» Study material:
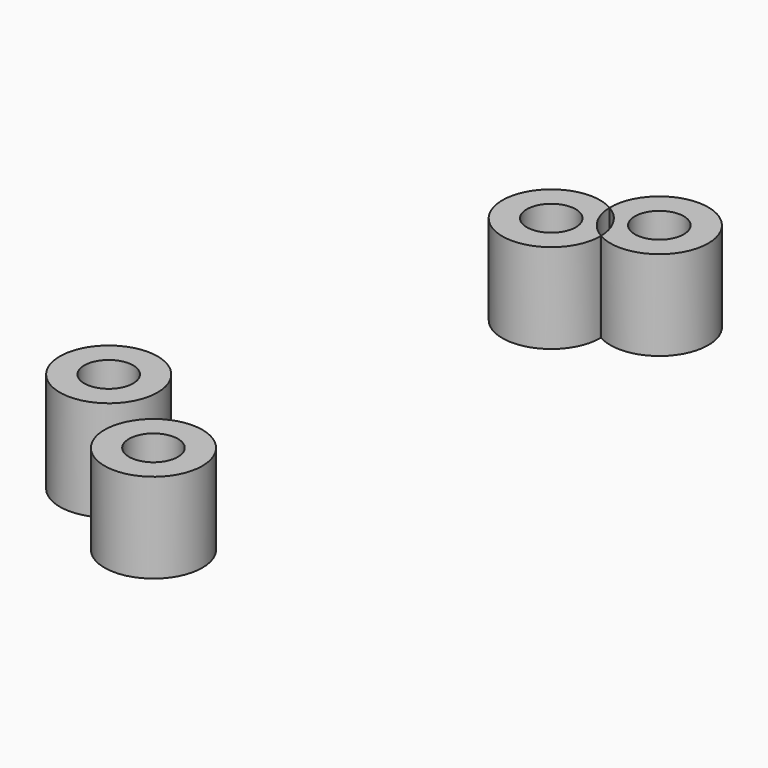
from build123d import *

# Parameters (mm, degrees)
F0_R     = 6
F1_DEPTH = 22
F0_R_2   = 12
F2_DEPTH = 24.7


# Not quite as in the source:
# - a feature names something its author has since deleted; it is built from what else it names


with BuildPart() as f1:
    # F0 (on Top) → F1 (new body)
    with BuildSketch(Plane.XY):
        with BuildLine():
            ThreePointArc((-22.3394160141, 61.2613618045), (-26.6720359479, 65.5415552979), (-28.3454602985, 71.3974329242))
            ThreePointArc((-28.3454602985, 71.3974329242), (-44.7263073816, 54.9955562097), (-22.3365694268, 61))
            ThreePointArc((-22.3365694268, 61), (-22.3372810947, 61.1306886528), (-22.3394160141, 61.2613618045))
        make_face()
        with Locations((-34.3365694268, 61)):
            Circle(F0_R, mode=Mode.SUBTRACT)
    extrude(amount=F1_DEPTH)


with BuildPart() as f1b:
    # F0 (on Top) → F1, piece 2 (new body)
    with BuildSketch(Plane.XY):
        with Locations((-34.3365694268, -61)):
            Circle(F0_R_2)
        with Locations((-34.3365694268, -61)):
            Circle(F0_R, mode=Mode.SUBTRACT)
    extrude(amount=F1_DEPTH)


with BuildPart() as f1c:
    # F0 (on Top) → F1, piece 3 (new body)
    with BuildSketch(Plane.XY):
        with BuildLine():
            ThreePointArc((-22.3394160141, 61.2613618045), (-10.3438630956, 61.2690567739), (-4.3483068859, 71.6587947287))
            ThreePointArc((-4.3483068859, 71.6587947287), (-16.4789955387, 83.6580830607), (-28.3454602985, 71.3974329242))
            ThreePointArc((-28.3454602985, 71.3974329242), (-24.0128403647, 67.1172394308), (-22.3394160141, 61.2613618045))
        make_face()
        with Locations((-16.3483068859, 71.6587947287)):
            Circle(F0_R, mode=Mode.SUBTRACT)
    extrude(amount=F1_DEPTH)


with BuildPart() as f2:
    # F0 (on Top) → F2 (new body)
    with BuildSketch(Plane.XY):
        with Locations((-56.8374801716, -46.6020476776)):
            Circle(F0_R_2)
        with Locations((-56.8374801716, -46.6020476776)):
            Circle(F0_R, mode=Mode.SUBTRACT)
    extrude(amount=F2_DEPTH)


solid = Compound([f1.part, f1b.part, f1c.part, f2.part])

» Problem description: The data above must be given back verbatim, minus its images.

» Result of this task:
from build123d import *

# Parameters (mm, degrees)
F0_R     = 6
F1_DEPTH = 22
F0_R_2   = 12
F2_DEPTH = 24.7


# Not quite as in the source:
# - a feature names something its author has since deleted; it is built from what else it names


with BuildPart() as f1:
    # F0 (on Top) → F1 (new body)
    with BuildSketch(Plane.XY):
        with BuildLine():
            ThreePointArc((-22.3394160141, 61.2613618045), (-26.6720359479, 65.5415552979), (-28.3454602985, 71.3974329242))
            ThreePointArc((-28.3454602985, 71.3974329242), (-44.7263073816, 54.9955562097), (-22.3365694268, 61))
            ThreePointArc((-22.3365694268, 61), (-22.3372810947, 61.1306886528), (-22.3394160141, 61.2613618045))
        make_face()
        with Locations((-34.3365694268, 61)):
            Circle(F0_R, mode=Mode.SUBTRACT)
    extrude(amount=F1_DEPTH)


with BuildPart() as f1b:
    # F0 (on Top) → F1, piece 2 (new body)
    with BuildSketch(Plane.XY):
        with Locations((-34.3365694268, -61)):
            Circle(F0_R_2)
        with Locations((-34.3365694268, -61)):
            Circle(F0_R, mode=Mode.SUBTRACT)
    extrude(amount=F1_DEPTH)


with BuildPart() as f1c:
    # F0 (on Top) → F1, piece 3 (new body)
    with BuildSketch(Plane.XY):
        with BuildLine():
            ThreePointArc((-22.3394160141, 61.2613618045), (-10.3438630956, 61.2690567739), (-4.3483068859, 71.6587947287))
            ThreePointArc((-4.3483068859, 71.6587947287), (-16.4789955387, 83.6580830607), (-28.3454602985, 71.3974329242))
            ThreePointArc((-28.3454602985, 71.3974329242), (-24.0128403647, 67.1172394308), (-22.3394160141, 61.2613618045))
        make_face()
        with Locations((-16.3483068859, 71.6587947287)):
            Circle(F0_R, mode=Mode.SUBTRACT)
    extrude(amount=F1_DEPTH)


with BuildPart() as f2:
    # F0 (on Top) → F2 (new body)
    with BuildSketch(Plane.XY):
        with Locations((-56.8374801716, -46.6020476776)):
            Circle(F0_R_2)
        with Locations((-56.8374801716, -46.6020476776)):
            Circle(F0_R, mode=Mode.SUBTRACT)
    extrude(amount=F2_DEPTH)


solid = Compound([f1.part, f1b.part, f1c.part, f2.part])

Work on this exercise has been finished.